Shad spawn is on at Toledo Bend

Toledo Bend’s bass are in transition.

The rate of numbers of double-digit lunkers taken have recently slowed down with hopes of maybe a final surge of the big ladies to the shallows to occur around the Full Moon of April 22.

But that doesn’t mean you should discontinue your hopes for a bonafide hefty bag of Toledo Bend largemouths.

The queen ladies have to eat, and fortunately the shad spawn has begun.
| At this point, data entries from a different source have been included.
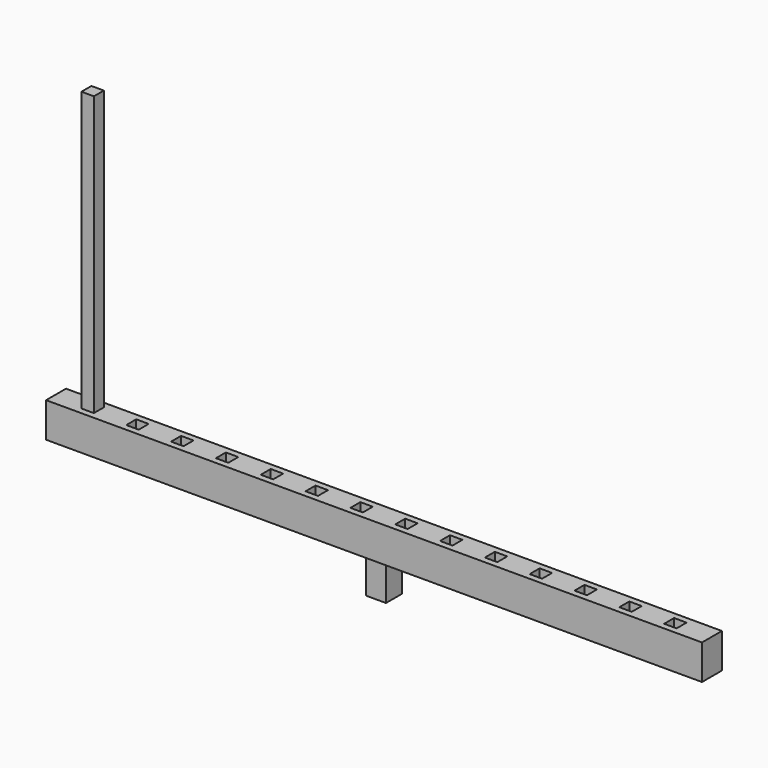
from build123d import *

# Parameters (mm, degrees)
F0_W     = 1672.59
F0_H     = 63.5
F0_W_2   = 31.75
F0_H_2   = 31.75
F1_DEPTH = 88.9
F3_W     = 50.8
F3_H     = 50.8
F4_DEPTH = 88.9
F2_W     = 31.75
F2_H     = 31.75
F5_DEPTH = 711.2


with BuildPart() as f1:
    # F0 (on Top) → F1 (new body)
    with BuildSketch(Plane.XY):
        Rectangle(F0_W, F0_H)
        with Locations((-742.95, 0)):
            Rectangle(F0_W_2, F0_H_2, mode=Mode.SUBTRACT)
        with Locations((-628.65, 0)):
            Rectangle(F0_W_2, F0_H_2, mode=Mode.SUBTRACT)
        with Locations((-514.35, 0)):
            Rectangle(F0_W_2, F0_H_2, mode=Mode.SUBTRACT)
        with Locations((-400.05, 0)):
            Rectangle(F0_W_2, F0_H_2, mode=Mode.SUBTRACT)
        with Locations((-285.75, 0)):
            Rectangle(F0_W_2, F0_H_2, mode=Mode.SUBTRACT)
        with Locations((-171.45, 0)):
            Rectangle(F0_W_2, F0_H_2, mode=Mode.SUBTRACT)
        with Locations((-57.15, 0)):
            Rectangle(F0_W_2, F0_H_2, mode=Mode.SUBTRACT)
        with Locations((57.15, 0)):
            Rectangle(F0_W_2, F0_H_2, mode=Mode.SUBTRACT)
        with Locations((171.45, 0)):
            Rectangle(F0_W_2, F0_H_2, mode=Mode.SUBTRACT)
        with Locations((285.75, 0)):
            Rectangle(F0_W_2, F0_H_2, mode=Mode.SUBTRACT)
        with Locations((400.05, 0)):
            Rectangle(F0_W_2, F0_H_2, mode=Mode.SUBTRACT)
        with Locations((514.35, 0)):
            Rectangle(F0_W_2, F0_H_2, mode=Mode.SUBTRACT)
        with Locations((628.65, 0)):
            Rectangle(F0_W_2, F0_H_2, mode=Mode.SUBTRACT)
        with Locations((742.95, 0)):
            Rectangle(F0_W_2, F0_H_2, mode=Mode.SUBTRACT)
    extrude(amount=F1_DEPTH)

    # F3 (on face) → F4 (join)
    with BuildSketch(Plane(origin=(0, 0, 0), x_dir=(1, 0, 0), z_dir=(0, 0, -1))):
        Rectangle(F3_W, F3_H)
    extrude(amount=F4_DEPTH)


with BuildPart() as f5:
    # F2 (on face) → F5 (new body)
    with BuildSketch(Plane.XY.offset(88.9)):
        with Locations((-742.95, 0)):
            Rectangle(F2_W, F2_H)
    extrude(amount=F5_DEPTH)


solid = Compound([f1.part, f5.part])

And Toledo Bend’s bass will be in the vicinity as these schools go flicking by.

Dean Walton Photo Angler Dean Walton was taking full advantage of the shad spawn at Toledo Bend recently catching 25 to 30 bass a day.
          Dean Walton Photo
Angler Dean Walton was taking full advantage of the shad spawn at Toledo Bend recently catching 25 to 30 bass a day.

Bass angler Dean Walton of Luling recently visited the Bend to participate in his bass club’s two-day tournament.

“The shad were moving up early at daybreak,” the 33-year-old angler said.

“On Sunday (April 10), I made my first cast at 6:40 in the morning and had a limit by 7:05. You have maybe a 45-minute window to take advantage of an area where the shad are spawning.”

Walton was casting a Bayou Bug Jigs swim jig with a Mister Twister SwimSation as a trailer to mimic the schools of shad moving through the depths. It was a very effective lure accounting for many of the 25 to 30 bass Walton caught per day during the weekend.

“Usually I find the shad begin spawning the first full moon after the bulk of the bass have finished,” Walton said.

“It usually occurs in late April and early May, but it seems to have already started at Toledo Bend.”

According to the angler, he’ll locate schools of shad moving on the edges of grass lines, hay grass, buck brush and even man-made structures such as piers, boat houses, bridges and pilings.

“That paddle tail on the Mister Twister SwimSation was kicking constantly, and I think that’s why the bass hit the swim jig so well,” he said. “It’s similar to the sound the shad make flicking their tails with short slaps on the water.”

Walton spent much of his time finding bass in the mid-lake area and in locations north of Pendleton Bridge.

Dean Walton Photo Walton used a combination of lures to catch his bass throughout the day. In the early morning, a swim jig with a Mister Twister SwimSation (right) was his tool of choice in catching bass foraging on schools of shad. Aftet the shad movement came to a halt, Walton found more fish flipping buck brush with a Texas-rigged Mister Twister Magnum SinSation (left).
            Dean Walton Photo
Walton used a combination of lures to catch his bass throughout the day –  a Bayou Bug Jigs swim jig with a Mister Twister SwimSation (right) during the shad run and a Texas-rigged Mister Twister Magnum SinSation (left).

“When the shad quit schooling, I started hitting the buck brush flipping the Mister Twister Magnum SinSation which was Texas-rigged below a 5/16-ounce sinker,” the angler said.

“I would swim it through the gaps of the buck brush and the bass would inhale it.”

Walton’s largest bass of the weekend was a tad over 7 pounds taken along the edges of foliage.

It is important to remember that the movement of shad in schools is an early-light phenomenon. Therefore, anglers are advised to be out just before dawn to take advantage of catching numbers of bass.

The shad spawn on any specific waterbody may last just a little more than 30 days.

Other lures utilized by anglers during the shad spawn period include bladed swim jigs, spinnerbaits, crankbaits, topwater frogs, jerk baits and umbrella rigs.

The Bassmaster Elite tournament on Toledo Bend is now less than 30 days away and is slated to run May 12-15.

In 2014, Bassmaster pro angler Jacob Powroznik won a 4-day Toledo Bend Elite event with 79.12 pounds.

On the first day Powroznik fished a shad spawn bite that suddenly disappeared for the rest of the tournament.

There were still a few beds with active spawners that the angler fished the rest of the tournament.

Dean Walton Photo Walton's largest Toledo Bend bass taken during a day of practice weighed over 7 pounds.
            Dean Walton Photo
Walton’s largest Toledo Bend bass taken during a day of practice weighed over 7 pounds.

This year however, the bass spawn at Toledo Bend began earlier due to warmer water temperatures compared to the previous two springs.

The Elite professionals competing on Toledo Bend this May may hopefully have some time left fishing the shad spawn, but it is doubtful there will be many lunkers available on nesting sites.

Bass will continue to move into 8 to 10 feet of water even after the shad leave especially since the bluegill spawn will occur immediately after.

Later in the day, they will seek the submerged hydrilla patches in deeper waters just offshore and closer to the deeper river channel.

C-rigs, jigs and Texas-rigged plastics have reportedly placed keepers into the livewell later in the day.